DATA EXTRACT below:

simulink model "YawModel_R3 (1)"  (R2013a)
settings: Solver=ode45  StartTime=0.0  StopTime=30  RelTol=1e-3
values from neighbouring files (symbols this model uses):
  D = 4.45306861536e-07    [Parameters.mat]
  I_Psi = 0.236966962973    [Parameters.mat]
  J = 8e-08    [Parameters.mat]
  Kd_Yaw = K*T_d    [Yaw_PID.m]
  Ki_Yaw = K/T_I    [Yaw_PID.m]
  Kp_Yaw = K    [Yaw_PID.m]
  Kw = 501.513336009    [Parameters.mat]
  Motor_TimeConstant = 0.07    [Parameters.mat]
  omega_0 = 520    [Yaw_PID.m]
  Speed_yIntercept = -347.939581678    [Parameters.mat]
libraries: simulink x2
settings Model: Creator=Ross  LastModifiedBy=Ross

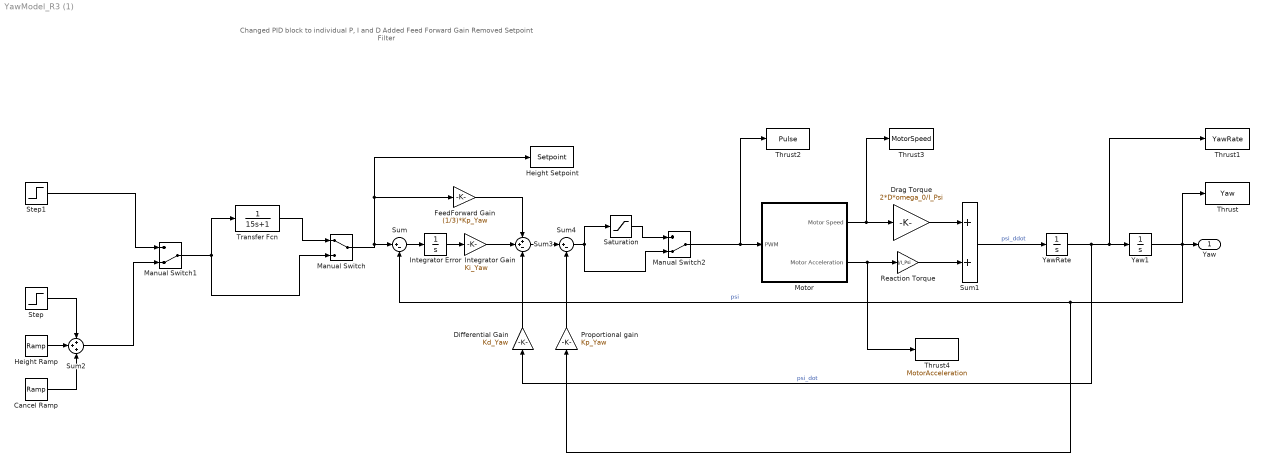
== system YawModel_R3 (1) ==
  note: Changed PID block to individual P, I and D
      | Added Feed Forward Gain
      | Removed Setpoint Filter
  Cancel Ramp : simulink/Sources/Ramp  slope=-0.5  start=5  X0=0
  Differential Gain : Gain  Gain=Kd_Yaw
  Drag Torque : Gain  Gain=2*D*omega_0/I_Psi
  FeedForward Gain : Gain  Gain=(1/3)*Kp_Yaw
  Height Ramp : simulink/Sources/Ramp  slope=0.5  start=1  X0=0
  Height Setpoint : ToWorkspace  VariableName=Setpoint  SampleTime=-1  SaveFormat=Timeseries
  Integrator Error : Integrator
  Integrator Gain : Gain  Gain=Ki_Yaw
  Manual Switch : ManualSwitch
  Manual Switch1 : ManualSwitch  CurrentSetting=0
  Manual Switch2 : ManualSwitch  CurrentSetting=0
  Motor : Subsystem
  Proportional gain : Gain  Gain=Kp_Yaw
  Reaction Torque : Gain  Gain=J/I_Psi
  Saturation : Saturate  UpperLimit=2  LowerLimit=-2
  Step : Step  Time=10  SampleTime=0
  Step1 : Step  SampleTime=0
  Sum : Sum  Inputs=|+-
  Sum1 : Sum
  Sum2 : Sum  Inputs=+++
  Sum3 : Sum  Inputs=++-
  Sum4 : Sum  Inputs=|+-
  Thrust : ToWorkspace  VariableName=Yaw  SampleTime=-1  SaveFormat=Timeseries
  Thrust1 : ToWorkspace  VariableName=YawRate  SampleTime=-1  SaveFormat=Timeseries
  Thrust2 : ToWorkspace  VariableName=Pulse  SampleTime=-1  SaveFormat=Timeseries
  Thrust3 : ToWorkspace  VariableName=MotorSpeed  SampleTime=-1  SaveFormat=Timeseries
  Thrust4 : ToWorkspace  VariableName=MotorAcceleration  SampleTime=-1  SaveFormat=Timeseries
  Transfer Fcn : TransferFcn  Denominator=[15 1]
  Yaw1 : Integrator  LowerSaturationLimit=0
  YawRate : Integrator
  Yaw : Outport
  wires:
  Yaw1/1 -> Proportional gain/1, Sum/2, Thrust/1, Yaw/1  "psi"
  YawRate/1 -> Differential Gain/1, Thrust1/1, Yaw1/1  "psi_dot"
  Sum1/1 -> YawRate/1  "psi_ddot"
  Motor/2(Motor Acceleration) -> Thrust4/1, Reaction Torque/1
  Drag Torque/1 -> Sum1/1
  Reaction Torque/1 -> Sum1/2
  Step/1 -> Sum2/1
  Height Ramp/1 -> Sum2/2
  Cancel Ramp/1 -> Sum2/3
  Sum/1 -> Integrator Error/1
  Motor/1(Motor Speed) -> Drag Torque/1, Thrust3/1
  Integrator Error/1 -> Integrator Gain/1
  Sum3/1 -> Sum4/1
  Proportional gain/1 -> Sum4/2
  Differential Gain/1 -> Sum3/3
  Integrator Gain/1 -> Sum3/2
  FeedForward Gain/1 -> Sum3/1
  Manual Switch/1 -> FeedForward Gain/1, Height Setpoint/1, Sum/1
  Transfer Fcn/1 -> Manual Switch/1
  Manual Switch1/1 -> Transfer Fcn/1, Manual Switch/2
  Sum2/1 -> Manual Switch1/2
  Step1/1 -> Manual Switch1/1
  Sum4/1 -> Saturation/1, Manual Switch2/2
  Manual Switch2/1 -> Thrust2/1, Motor/1(PWM)
  Saturation/1 -> Manual Switch2/1

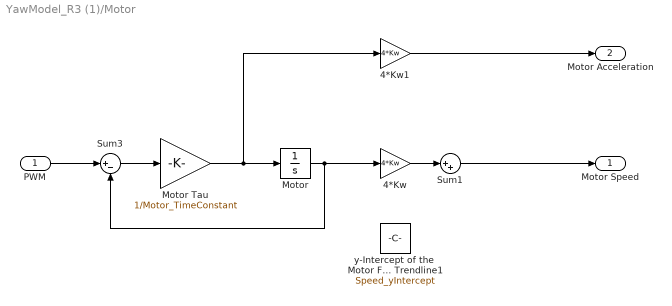
== system YawModel_R3 (1)/Motor ==
  PWM : Inport
  4*Kw : Gain  Gain=4*Kw
  4*Kw1 : Gain  Gain=4*Kw
  Motor : Integrator
  Motor Tau : Gain  Gain=1/Motor_TimeConstant
  Sum1 : Sum  Inputs=|++
  Sum3 : Sum  Inputs=|+-
  y-Intercept of the  Motor Forc Trendline1 : Constant  Value=Speed_yIntercept
  Motor Speed : Outport
  Motor Acceleration : Outport  Port=2
  wires:
  Motor Tau/1 -> 4*Kw1/1, Motor/1
  Motor/1 -> 4*Kw/1, Sum3/2
  PWM/1 -> Sum3/1
  Sum3/1 -> Motor Tau/1
  4*Kw/1 -> Sum1/1
  Sum1/1 -> Motor Speed/1
  4*Kw1/1 -> Motor Acceleration/1
simulink model "ADRCControl_CDPR_6DOF_20220708"  (R2020a)
settings: Solver=VariableStepAuto  StartTime=0.0  StopTime=12  RelTol=1e-3  EnableMultiTasking=on
values from neighbouring files (symbols this model uses):
  a = 25    [parameters_initialization.m]
  b = 0.05    [parameters_initialization.m]
  Kd = 7.062    [parameters_initialization.m]
  Kp = 70    [parameters_initialization.m]
undefined symbols (not defined in the file or in its folder): X, Y, Z
libraries: sm_lib x150, nesl_utility x52, sm_cable_robot_lib x30, simulink x1
(part 8 of 8)

== system ADRCControl_CDPR_6DOF_20220708/6DOF CDPR/Subsystem/3/Motor Assembly2/Motor ==
  Flange : sm_lib/Body Elements/Cylindrical Solid  GraphicAmbientColor=[0.15 0.15 0.15 1.0]  BasedOnType=Density  CenterOfMass=[0 0 0]  CenterOfMassUnits=m  GraphicDiffuseColor=flangeColor  CylinderLength=flangeThickness  CylinderLengthUnits=m  CylinderRadius=flangeRadius  CylinderRadiusUnits=m  Density=housingRho  DensityUnits=kg/m^3  DoExposeReferenceFrame=off  GraphicEmissiveColor=[0.0 0.0 0.0 1.0]  ExportEntireGeometry=off  SerializedFrames=<Frames><Frame><Id>Frame1</Id><Value><Name>B</Name><Origin><Source>GeometricFeature</Source><FeatureName>bottom surface</FeatureName></Origin><PrimaryAxis><DefinedDirection>+Z</DefinedDirection><Source>ReferenceFrame</Source><SourceDirection>+Z</SourceDirection><FeatureName></FeatureName></PrimaryAxis><SecondaryAxis><DefinedDirection>+X</DefinedDirection><Source>ReferenceFrame</Source><SourceDirection>+X</SourceDirection><FeatureName></FeatureName></SecondaryAxis></Value></Frame></Frames>  MarkerShape=Sphere  MarkerSize=10  GraphicType=FromGeometry  InertiaType=CalculateFromGeometry  Mass=1  MassUnits=kg  MomentsOfInertia=[1 1 1]  MomentsOfInertiaUnits=kg*m^2  GraphicOpacity=1.0  ProductsOfInertia=[0 0 0]  ProductsOfInertiaUnits=kg*m^2  GraphicShininess=75  GraphicSpecularColor=[0.5 0.5 0.5 1.0]  GraphicVisPropType=SimpleVisualProperties
  Housing : sm_lib/Body Elements/Brick Solid  GraphicAmbientColor=[0.15 0.15 0.15 1.0]  BasedOnType=Density  BrickDimensions=[width height depth]  BrickDimensionUnits=m  CenterOfMass=[0 0 0]  CenterOfMassUnits=m  GraphicDiffuseColor=housingColor  Density=housingRho  DensityUnits=kg/m^3  DoExposeReferenceFrame=off  GraphicEmissiveColor=[0.0 0.0 0.0 1.0]  ExportEntireGeometry=off  SerializedFrames=<Frames><Frame><Id>Frame2</Id><Value><Name>B</Name><Origin><Source>GeometricFeature</Source><FeatureName>+x -y +z point</FeatureName></Origin><PrimaryAxis><DefinedDirection>+Z</DefinedDirection><Source>ReferenceFrame</Source><SourceDirection>+Z</SourceDirection><FeatureName></FeatureName></PrimaryAxis><SecondaryAxis><DefinedDirection>+X</DefinedDirection><Source>ReferenceFrame</Source><SourceDirection>+X</SourceDirection><FeatureName></FeatureName></SecondaryAxis></Value></Frame><Frame><Id>Frame3</Id><Value><Name>F</Name><Origin><Source>GeometricFeature</Source><FeatureName>+z surface</FeatureName></Origin><PrimaryAxis><DefinedDirection>+Z</DefinedDirection><Source>ReferenceFrame</Source><SourceDirection>+Z</SourceDirection><FeatureName></FeatureName></PrimaryAxis><SecondaryAxis><DefinedDirection>+X</DefinedDirection><Source>ReferenceFrame</Source><SourceDirection>+X</SourceDirection><FeatureName></FeatureName></SecondaryAxis></Value></Frame></Frames>  MarkerShape=Sphere  MarkerSize=10  GraphicType=FromGeometry  InertiaType=CalculateFromGeometry  Mass=1  MassUnits=kg  MomentsOfInertia=[1 1 1]  MomentsOfInertiaUnits=kg*m^2  GraphicOpacity=1.0  ProductsOfInertia=[0 0 0]  ProductsOfInertiaUnits=kg*m^2  GraphicShininess=75  GraphicSpecularColor=[0.5 0.5 0.5 1.0]  GraphicVisPropType=SimpleVisualProperties
  Motor Revolute : sm_lib/Joints/Revolute Joint  JointMode=Normal  SenseConstraintForce=off  SenseConstraintForceX=off  SenseConstraintForceY=off  SenseConstraintForceZ=off  SenseConstraintTorque=off  SenseConstraintTorqueX=off  SenseConstraintTorqueY=off  SenseConstraintTorqueZ=off  SenseTotalForce=off  SenseTotalForceX=off  SenseTotalForceY=off  SenseTotalForceZ=off  SenseTotalTorque=off  SenseTotalTorqueX=off  SenseTotalTorqueY=off  SenseTotalTorqueZ=off  CompositeWrenchDir=FollowerOnBase  CompositeWrenchFrame=BaseFrame  EquilibriumPosition=0  EquilibriumPositionUnits=deg  SpringStiffness=0  SpringStiffnessUnits=N*m/deg  DampingCoefficient=0  DampingCoefficientUnits=N*m/(deg/s)  TorqueActuationMode=InputTorque  MotionActuationMode=ComputedMotion  SensePosition=on  SenseVelocity=off  SenseAcceleration=off  SenseTorqueForce=on  SenseLowerLimitTorqueForce=off  SenseUpperLimitTorqueForce=off  LowerLimitSpecify=off  LowerLimitBound=-90  LowerLimitBoundUnits=deg  LowerLimitStiffness=1e4  LowerLimitStiffnessUnits=N*m/deg  LowerLimitDamping=10  LowerLimitDampingUnits=N*m/(deg/s)  LowerLimitTransitionRegionWidth=0.1  LowerLimitTransitionRegionWidthUnits=deg  UpperLimitSpecify=off  UpperLimitBound=90  UpperLimitBoundUnits=deg  UpperLimitStiffness=1e4  UpperLimitStiffnessUnits=N*m/deg  UpperLimitDamping=10  UpperLimitDampingUnits=N*m/(deg/s)  UpperLimitTransitionRegionWidth=0.1  UpperLimitTransitionRegionWidthUnits=deg  PositionTargetSpecify=off  PositionTargetPriority=High  PositionTargetValue=0  PositionTargetValueUnits=deg  VelocityTargetSpecify=off  VelocityTargetPriority=High  VelocityTargetValue=0  VelocityTargetValueUnits=deg/s
  PS-Simulink Converter1 : nesl_utility/PS-Simulink Converter  PhysicalDomain=network_engine_domain  SubClassName=ps_output  LeftPortType=input  RightPortType=output  PseudoPeriodic=off  Frequencies=[]  Unit=inherit  AffineConversion=off
  PS-Simulink Converter10 : nesl_utility/PS-Simulink Converter  PhysicalDomain=network_engine_domain  SubClassName=ps_output  LeftPortType=input  RightPortType=output  PseudoPeriodic=off  Frequencies=[]  Unit=inherit  AffineConversion=off
  Shaft : sm_lib/Body Elements/Cylindrical Solid  GraphicAmbientColor=[0.15 0.15 0.15 1.0]  BasedOnType=Density  CenterOfMass=[0 0 0]  CenterOfMassUnits=m  GraphicDiffuseColor=shaftColor  CylinderLength=shaftLength  CylinderLengthUnits=m  CylinderRadius=shaftRadius  CylinderRadiusUnits=m  Density=shaftRho  DensityUnits=kg/m^3  DoExposeReferenceFrame=on  GraphicEmissiveColor=[0.0 0.0 0.0 1.0]  ExportEntireGeometry=off  SerializedFrames=<Frames><Frame><Id>Frame1</Id><Value><Name>B</Name><Origin><Source>GeometricFeature</Source><FeatureName>bottom surface</FeatureName></Origin><PrimaryAxis><DefinedDirection>+Z</DefinedDirection><Source>ReferenceFrame</Source><SourceDirection>+Z</SourceDirection><FeatureName></FeatureName></PrimaryAxis><SecondaryAxis><DefinedDirection>+X</DefinedDirection><Source>ReferenceFrame</Source><SourceDirection>+X</SourceDirection><FeatureName></FeatureName></SecondaryAxis></Value></Frame></Frames>  MarkerShape=Sphere  MarkerSize=10  GraphicType=FromGeometry  InertiaType=CalculateFromGeometry  Mass=1  MassUnits=kg  MomentsOfInertia=[1 1 1]  MomentsOfInertiaUnits=kg*m^2  GraphicOpacity=1.0  ProductsOfInertia=[0 0 0]  ProductsOfInertiaUnits=kg*m^2  GraphicShininess=75  GraphicSpecularColor=[0.5 0.5 0.5 1.0]  GraphicVisPropType=SimpleVisualProperties
  Simulink-PS Converter : nesl_utility/Simulink-PS Converter  PhysicalDomain=network_engine_domain  SubClassName=ps_input  LeftPortType=input  RightPortType=output  PseudoPeriodic=off  Frequencies=[]  NoiseDistribution=none  NoiseParameters=[]  Unit=N*m  AffineConversion=off  FilteringAndDerivatives=filter  SimscapeFilterOrder=2  InputFilterTimeConstant=0.001  UdotUserProvided=0
  Sum1 : Sum  Inputs=+-
  B : PMIOPort  Side=Left
  S : PMIOPort  Port=2  Side=Right
  tag scope: C2Mq=global, C2Mtrq=global
  wires:
  PS-Simulink Converter10/1 -> [C2Mtrq]
  [C2Intrq] -> Sum1/1
  [C2Outtrq] -> Sum1/2
  PS-Simulink Converter1/1 -> [C2Mq]
  Sum1/1 -> Simulink-PS Converter/1
  connections:
  Housing/LConn1 -- B/RConn1
  S/RConn1 -- Shaft/RConn1
  Shaft/LConn1 -- Motor Revolute/RConn1
  Flange/LConn1 -- Housing/RConn1 -- Motor Revolute/LConn1
  Motor Revolute/LConn2 -- Simulink-PS Converter/RConn1
  PS-Simulink Converter10/LConn1 -- Motor Revolute/RConn3
  PS-Simulink Converter1/LConn1 -- Motor Revolute/RConn2

== matlab function ADRCControl_CDPR_6DOF_20220708/ADRC Torque Controller/2-Order ADRC Contoller1 /ESO parameters assignment ==
  data: omega input; beta01 output; beta02 output; beta03 output
function [beta01,beta02,beta03] = fcn(omega)
    beta01 = 3*omega;
    beta02 = 3/5*omega^2;
    beta03 = 1/9*omega^3;
end

== matlab function ADRCControl_CDPR_6DOF_20220708/Desired Intput Signal/Desried Angle ==
  data: t input; A1q output; A2q output; B1q output; B2q output; C1q output; C2q output
function [A1q,A2q,B1q,B2q,C1q,C2q] = fcn(t)

A1q = - 5.073*sin(0.5272*t - 2.628 ) - 18.79*sin(0.0022*t + 0.1229);
A2q =  5.073*sin(0.5272*t - 2.628 ) + 18.79*sin(0.0022*t + 0.1229);
B1q = - 7.131*sin(0.1979*t - 2.758) - 3.267*sin(0.623*t + 0.9728);
B2q = 7.131*sin(0.1979*t - 2.758) + 3.267*sin(0.623*t + 0.9728);
C1q = -5.081*sin(0.5266*t - 0.5543) - 23.91*sin(0.001593*t + 3.025);
C2q = 5.081*sin(0.5266*t - 0.5543) + 23.91*sin(0.001593*t + 3.025);

end

== matlab function ADRCControl_CDPR_6DOF_20220708/ADRC Torque Controller/2-Order ADRC Contoller2/ESO parameters assignment ==
  data: omega input; beta01 output; beta02 output; beta03 output
function [beta01,beta02,beta03] = fcn(omega)
    beta01 = 3*omega;
    beta02 = 3/5*omega^2;
    beta03 = 1/9*omega^3;
end

== matlab function ADRCControl_CDPR_6DOF_20220708/ADRC Torque Controller/2-Order ADRC Contoller3/ESO parameters assignment ==
  data: omega input; beta01 output; beta02 output; beta03 output
function [beta01,beta02,beta03] = fcn(omega)
    beta01 = 3*omega;
    beta02 = 3/5*omega^2;
    beta03 = 1/9*omega^3;
end

== matlab function ADRCControl_CDPR_6DOF_20220708/ADRC Torque Controller/2-Order ADRC Contoller4/ESO parameters assignment ==
  data: omega input; beta01 output; beta02 output; beta03 output
function [beta01,beta02,beta03] = fcn(omega)
    beta01 = 3*omega;
    beta02 = 3/5*omega^2;
    beta03 = 1/9*omega^3;
end

== matlab function ADRCControl_CDPR_6DOF_20220708/ADRC Torque Controller/2-Order ADRC Contoller_5/ESO parameters assignment ==
  data: omega input; beta01 output; beta02 output; beta03 output
function [beta01,beta02,beta03] = fcn(omega)
    beta01 = 3*omega;
    beta02 = 3/5*omega^2;
    beta03 = 1/9*omega^3;
end

== matlab function ADRCControl_CDPR_6DOF_20220708/ADRC Torque Controller/2-Order ADRC Contoller6/ESO parameters assignment ==
  data: omega input; beta01 output; beta02 output; beta03 output
function [beta01,beta02,beta03] = fcn(omega)
    beta01 = 3*omega;
    beta02 = 3/5*omega^2;
    beta03 = 1/9*omega^3;
end

== matlab function ADRCControl_CDPR_6DOF_20220708/Desired Intput Signal/Desried Torque1 ==
  data: t input; A1q output; A2q output; B1q output; B2q output; C1q output; C2q output
function [A1q,A2q,B1q,B2q,C1q,C2q] = fcn(t)

A1q = -2.719 *sin(0.5221*t - 1.041);
A2q = 2.719 *sin(0.5221*t - 1.041);
B1q = -2.747 *sin(0.5328*t + 3.085);
B2q = 2.747 *sin(0.5328*t + 3.085);
C1q = -2.718*sin(0.5231*t + 1.048);
C2q = 2.718*sin(0.5231*t + 1.048);

end

End of DATA EXTRACT.

From the records above, output only the lines starting at the one containing "Kw = 501.513336009" and ending at the one containing "FeedForward Gain : Gain", word for word. Pictures stay out.

  Kw = 501.513336009    [Parameters.mat]
  Motor_TimeConstant = 0.07    [Parameters.mat]
  omega_0 = 520    [Yaw_PID.m]
  Speed_yIntercept = -347.939581678    [Parameters.mat]
libraries: simulink x2
settings Model: Creator=Ross  LastModifiedBy=Ross

== system YawModel_R3 (1) ==
  note: Changed PID block to individual P, I and D
      | Added Feed Forward Gain
      | Removed Setpoint Filter
  Cancel Ramp : simulink/Sources/Ramp  slope=-0.5  start=5  X0=0
  Differential Gain : Gain  Gain=Kd_Yaw
  Drag Torque : Gain  Gain=2*D*omega_0/I_Psi
  FeedForward Gain : Gain  Gain=(1/3)*Kp_Yaw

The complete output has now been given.